Algorithmic Correctness with Local Aggregation
Although use of combiners can yield dramatic reductions in algorithm running
time, care must be taken in applying them. Since combiners in Hadoop are
viewed as optional optimizations, the correctness of the algorithm cannot depend on computations performed by the combiner or depend on them even
being run at all. In any MapReduce program, the reducer input key-value type
must match the mapper output key-value type: this implies that the combiner
input and output key-value types must match the mapper output key-value
type (which is the same as the reducer input key-value type). In cases where
the reduce computation is both commutative and associative, the reducer can
also be used (unmodified) as the combiner (as is the case with the word count
example). In the general case, however, combiners and reducers are not interchangeable.
Consider a simple example: we have a large dataset where input keys are
strings and input values are integers, and we wish to compute the mean of
all integers associated with the same key (rounded to the nearest integer). A
real-world example might be a large user log from a popular website, where
keys represent user ids and values represent some measure of activity such as
elapsed time for a particular session—the task would correspond to computing
the mean session length on a per-user basis, which would be useful for understanding user demographics. Algorithm 3.4 shows the pseudo-code of a simple
algorithm for accomplishing this task that does not involve combiners. We
use an identity mapper, which simply passes all input key-value pairs to the
reducers (appropriately grouped and sorted). The reducer keeps track of the
running sum and the number of integers encountered. This information is used
to compute the mean once all values are processed. The mean is then emitted
as the output value in the reducer (with the input string as the key).

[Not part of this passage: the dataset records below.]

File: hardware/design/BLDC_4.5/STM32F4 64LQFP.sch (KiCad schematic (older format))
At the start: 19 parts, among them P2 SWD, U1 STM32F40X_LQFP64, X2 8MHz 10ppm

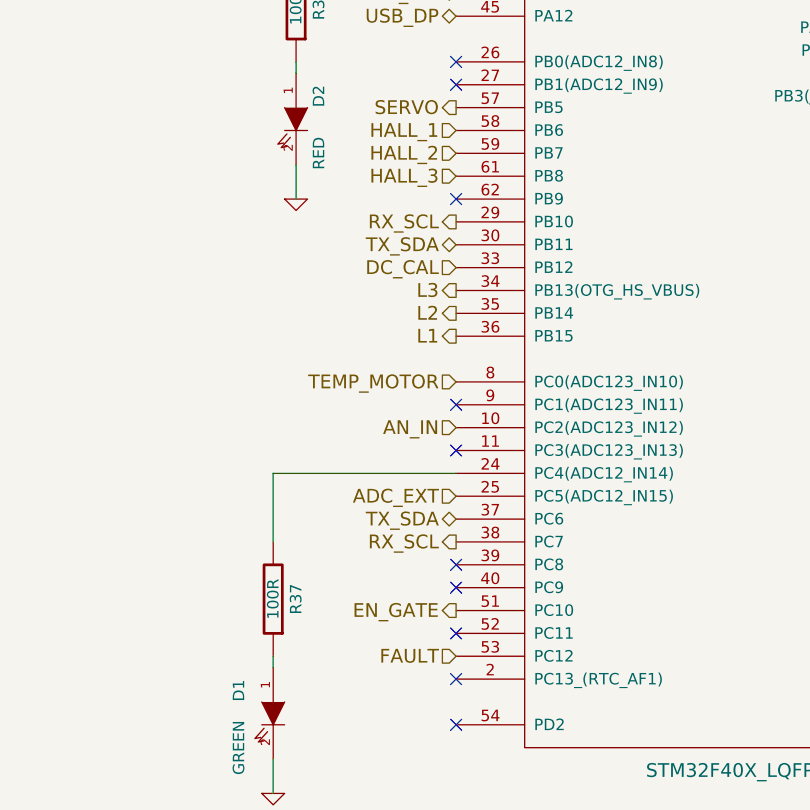
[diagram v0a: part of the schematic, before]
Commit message: Moved HALL_3 to PC11. Added CAN and I2C pullups and temperature sensor to the schematic.
Signed-off-by: Marcos Chaparro <marcos@mrkindustries.com.ar>
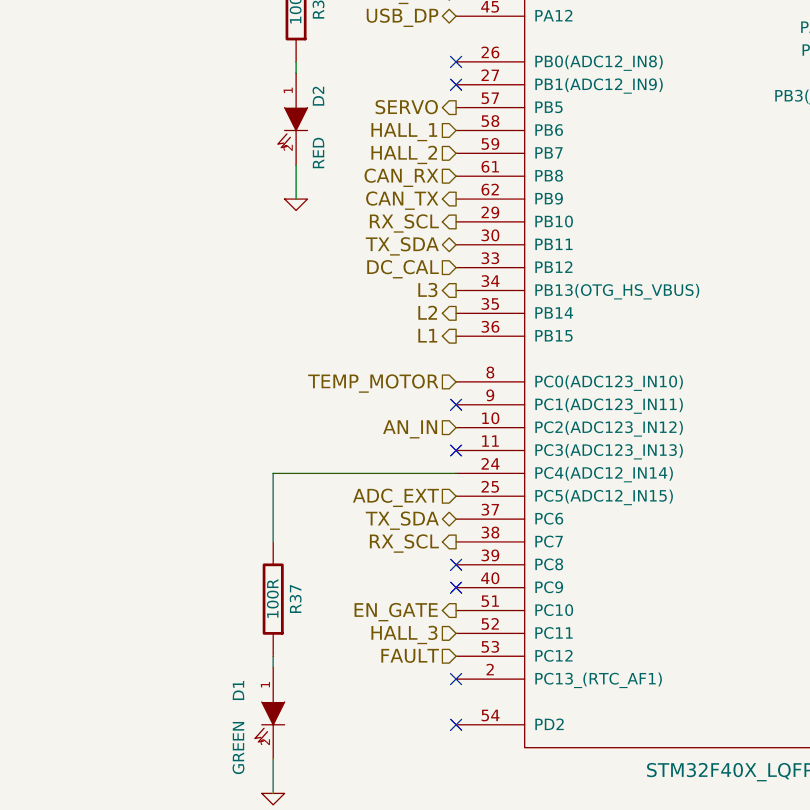
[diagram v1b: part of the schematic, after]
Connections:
- net HALL_3: now also U1.52 (PC11); no longer U1.61 (PB8)
- net CAN_TX: now reaches U1.62 (PB9)
- new net CAN_RX: U1.61 (PB8)
- no-connect marks 19 -> 17
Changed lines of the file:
@@
 LIBS:contrib
 LIBS:valves
+LIBS:mrk-industries
 LIBS:BLDC_4-cache
 EELAYER 24 0
@@
 $Descr A4 11693 8268
 encoding utf-8
-Sheet 3 4
+Sheet 4 6
 Title "BLDC Driver 4.5"
 Date "22 Aug 2014"
@@
 NoConn ~ 4500 5850
 NoConn ~ 4500 5350
-NoConn ~ 4500 3750
 NoConn ~ 4500 3250
 NoConn ~ 4500 3150
 NoConn ~ 4500 5450
-NoConn ~ 4500 5650
 $Comp
 L GND #PWR055
@@
 Text HLabel 4500 3550 0    60   Input ~ 0
 HALL_2
-Text HLabel 4500 3650 0    60   Input ~ 0
+Text HLabel 4500 5650 0    60   Input ~ 0
 HALL_3
 Text HLabel 4500 3850 0    60   Output ~ 0
@@
 Text Notes 9300 1700 0    40   ~ 0
 Bypass, place next to VDD pins
+Text HLabel 4500 3650 0    60   Input ~ 0
+CAN_RX
+Text HLabel 4500 3750 0    60   Output ~ 0
+CAN_TX
 $EndSCHEMATC

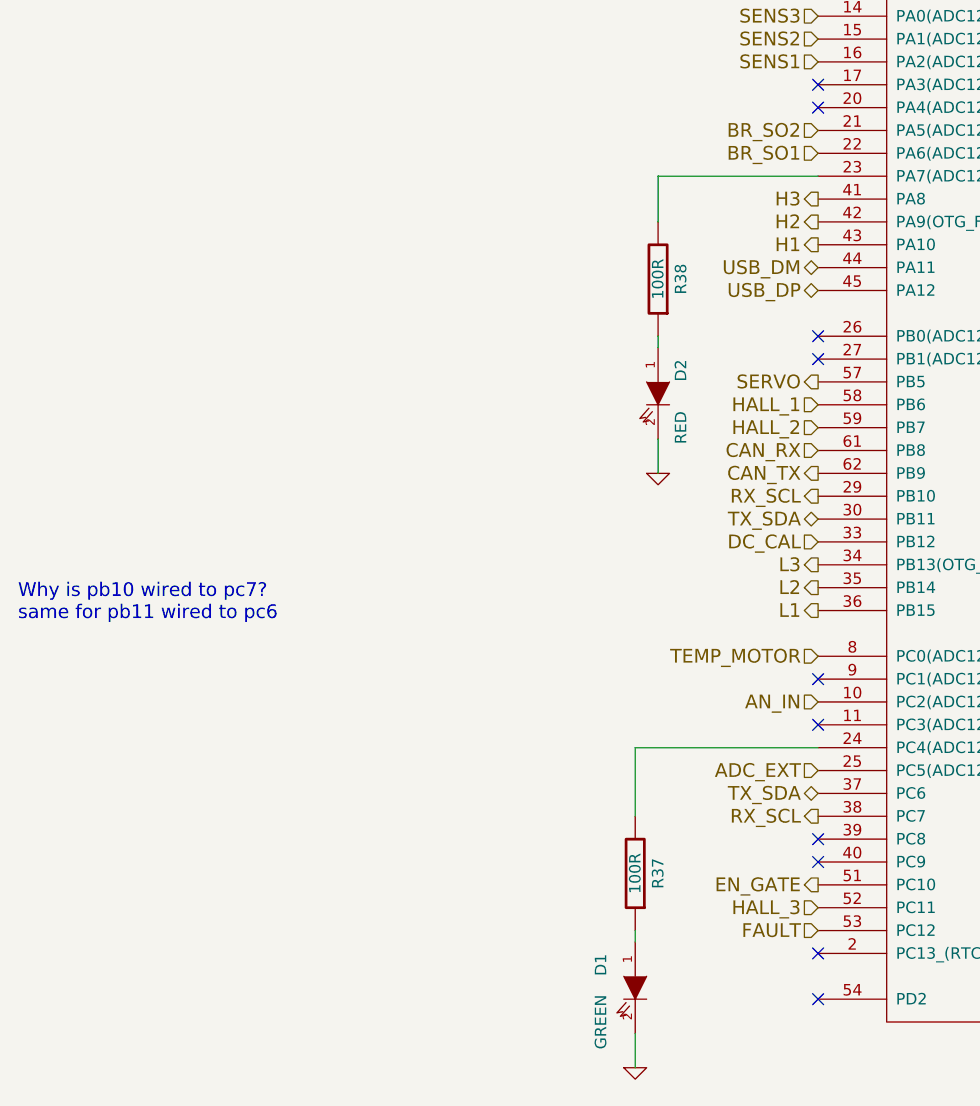
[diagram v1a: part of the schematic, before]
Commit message: Schematic changes: Cleaner top level, added CAN connector, moved LEDs to top level, added 22 Ohm resistors for the USB lines. Fully annotated schematic, ready for layout.
Signed-off-by: Marcos Chaparro <marcos@mrkindustries.com.ar>
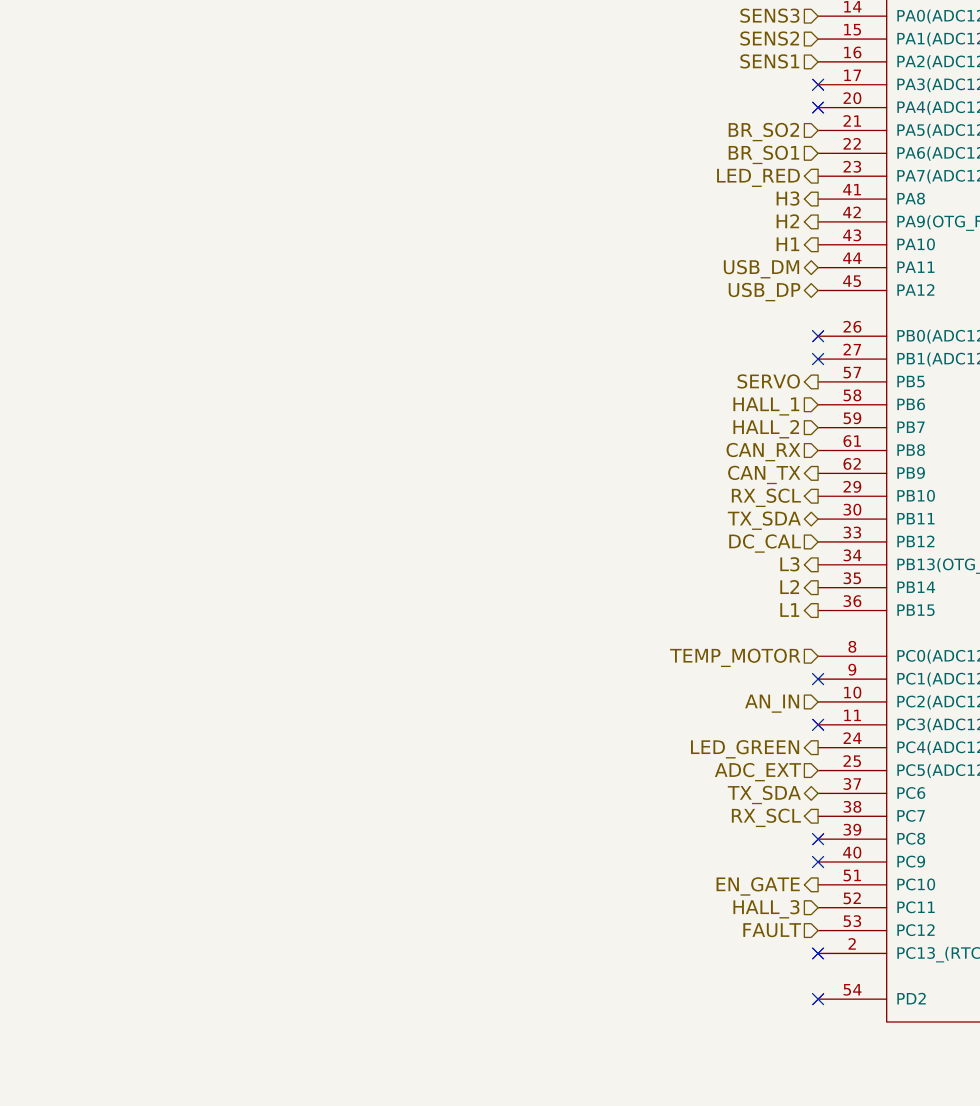
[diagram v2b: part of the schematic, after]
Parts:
- removed D1: GREEN, symbol LED
- removed D2: RED, symbol LED
- removed R37, R38: 100R, symbol R
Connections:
- net LED_RED: now reaches U1.23 (PA7(ADC12_IN7))
- net LED_GREEN: now reaches U1.24 (PC4(ADC12_IN14))
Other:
- note removed: "Why is pb10 wired to pc7?\nsame for pb11 wired to pc6"
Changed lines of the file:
@@
 LIBS:valves
 LIBS:mrk-industries
+LIBS:crf_1
 LIBS:BLDC_4-cache
 EELAYER 24 0
@@
 $Descr A4 11693 8268
 encoding utf-8
-Sheet 4 6
+Sheet 4 7
 Title "BLDC Driver 4.5"
-Date "22 Aug 2014"
+Date "25 Aug 2014"
 Rev "4.5"
 Comp "Benjamin Vedder"
@@
 $EndComp
 $Comp
-L GND #PWR047
+L GND #PWR607
 U 1 1 53F757BC
 P 8000 6050
-F 0 "#PWR047" H 8000 6050 30  0001 C CNN
+F 0 "#PWR607" H 8000 6050 30  0001 C CNN
 F 1 "GND" H 8000 5980 30  0001 C CNN
 F 2 "" H 8000 6050 60  0001 C CNN
@@
 $EndComp
 $Comp
-L VCC #PWR048
+L VCC #PWR605
 U 1 1 53F757C2
 P 7400 5100
-F 0 "#PWR048" H 7400 5200 30  0001 C CNN
+F 0 "#PWR605" H 7400 5200 30  0001 C CNN
 F 1 "VCC" H 7400 5200 30  0000 C CNN
 F 2 "" H 7400 5100 60  0001 C CNN
@@
 $EndComp
 $Comp
-L GND #PWR049
+L GND #PWR603
 U 1 1 53F757C8
 P 7200 5150
-F 0 "#PWR049" H 7200 5150 30  0001 C CNN
+F 0 "#PWR603" H 7200 5150 30  0001 C CNN
 F 1 "GND" H 7200 5080 30  0001 C CNN
 F 2 "" H 7200 5150 60  0001 C CNN
@@
 $EndComp
 $Comp
-L VCC #PWR050
+L VCC #PWR602
 U 1 1 53F757CE
 P 7200 4200
-F 0 "#PWR050" H 7200 4300 30  0001 C CNN
+F 0 "#PWR602" H 7200 4300 30  0001 C CNN
 F 1 "VCC" H 7200 4300 30  0000 C CNN
 F 2 "" H 7200 4200 60  0001 C CNN
@@
 $EndComp
 $Comp
-L GND #PWR051
+L GND #PWR608
 U 1 1 53F757E9
 P 8250 1600
-F 0 "#PWR051" H 8250 1600 30  0001 C CNN
+F 0 "#PWR608" H 8250 1600 30  0001 C CNN
 F 1 "GND" H 8250 1530 30  0001 C CNN
 F 2 "" H 8250 1600 60  0001 C CNN
@@
 $EndComp
 $Comp
-L GND #PWR052
+L GND #PWR601
 U 1 1 53F757EF
 P 7150 2550
-F 0 "#PWR052" H 7150 2550 30  0001 C CNN
+F 0 "#PWR601" H 7150 2550 30  0001 C CNN
 F 1 "GND" H 7150 2480 30  0001 C CNN
 F 2 "" H 7150 2550 60  0001 C CNN
@@
 NoConn ~ 7000 2450
 $Comp
-L VCC #PWR053
+L VCC #PWR604
 U 1 1 53F75807
 P 7200 5350
-F 0 "#PWR053" H 7200 5450 30  0001 C CNN
+F 0 "#PWR604" H 7200 5450 30  0001 C CNN
 F 1 "VCC" H 7200 5450 30  0000 C CNN
 F 2 "" H 7200 5350 60  0001 C CNN
@@
 NoConn ~ 7000 1850
 NoConn ~ 4500 2150
-$Comp
-L R R38
-U 1 1 53F75827
-P 3800 2900
-F 0 "R38" V 3700 2900 50  0000 C CNN
-F 1 "100R" V 3800 2900 50  0000 C CNN
-F 2 "" H 3800 2900 60  0001 C CNN
-F 3 "" H 3800 2900 60  0001 C CNN
-	1    3800 2900
-	-1   0    0    1
-$EndComp
-$Comp
-L R R37
-U 1 1 53F7582E
-P 3700 5500
-F 0 "R37" V 3600 5500 50  0000 C CNN
-F 1 "100R" V 3700 5500 50  0000 C CNN
-F 2 "" H 3700 5500 60  0001 C CNN
-F 3 "" H 3700 5500 60  0001 C CNN
-	1    3700 5500
-	-1   0    0    1
-$EndComp
-$Comp
-L LED D1
-U 1 1 53F75835
-P 3700 6000
-F 0 "D1" H 3600 5850 50  0000 C CNN
-F 1 "GREEN" H 3850 5850 50  0000 C CNN
-F 2 "" H 3700 6000 60  0001 C CNN
-F 3 "" H 3700 6000 60  0001 C CNN
-	1    3700 6000
-	0    1    1    0
-$EndComp
-$Comp
-L LED D2
-U 1 1 53F7583C
-P 3800 3400
-F 0 "D2" H 3700 3500 50  0000 C CNN
-F 1 "RED" H 3950 3500 50  0000 C CNN
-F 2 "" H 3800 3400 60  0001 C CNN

This algorithm will indeed work, but suffers from the same drawbacks as the
basic word count algorithm in Algorithm 3.1: it requires shuffling all key-value
pairs from mappers to reducers across the network, which is highly inefficient.
Unlike in the word count example, the reducer cannot be used as a combiner in
this case. Consider what would happen if we did: the combiner would compute
the mean of an arbitrary subset of values associated with the same key, and
the reducer would compute the mean of those values. As a concrete example,
we know that:
Mean(1,2,3,4,5) 6= Mean(Mean(1,2), Mean(3,4,5)) (3.1)
In general, the mean of means of arbitrary subsets of a set of numbers is not
the same as the mean of the set of numbers. Therefore, this approach would
not produce the correct result.5
So how might we properly take advantage of combiners? An attempt is
shown in Algorithm 3.5. The mapper remains the same, but we have added a
combiner that partially aggregates results by computing the numeric components necessary to arrive at the mean. The combiner receives each string and
the associated list of integer values, from which it computes the sum of those
values and the number of integers encountered (i.e., the count). The sum and
count are packaged into a pair, and emitted as the output of the combiner, with
the same string as the key. In the reducer, pairs of partial sums and counts
can be aggregated to arrive at the mean. Up until now, all keys and values
in our algorithms have been primitives (string, integers, etc.). However, there
are no prohibitions in MapReduce for more complex types,6 and, in fact, this
represents a key technique in MapReduce algorithm design that we introduced
at the beginning of this chapter. We will frequently encounter complex keys
and values throughput the rest of this book.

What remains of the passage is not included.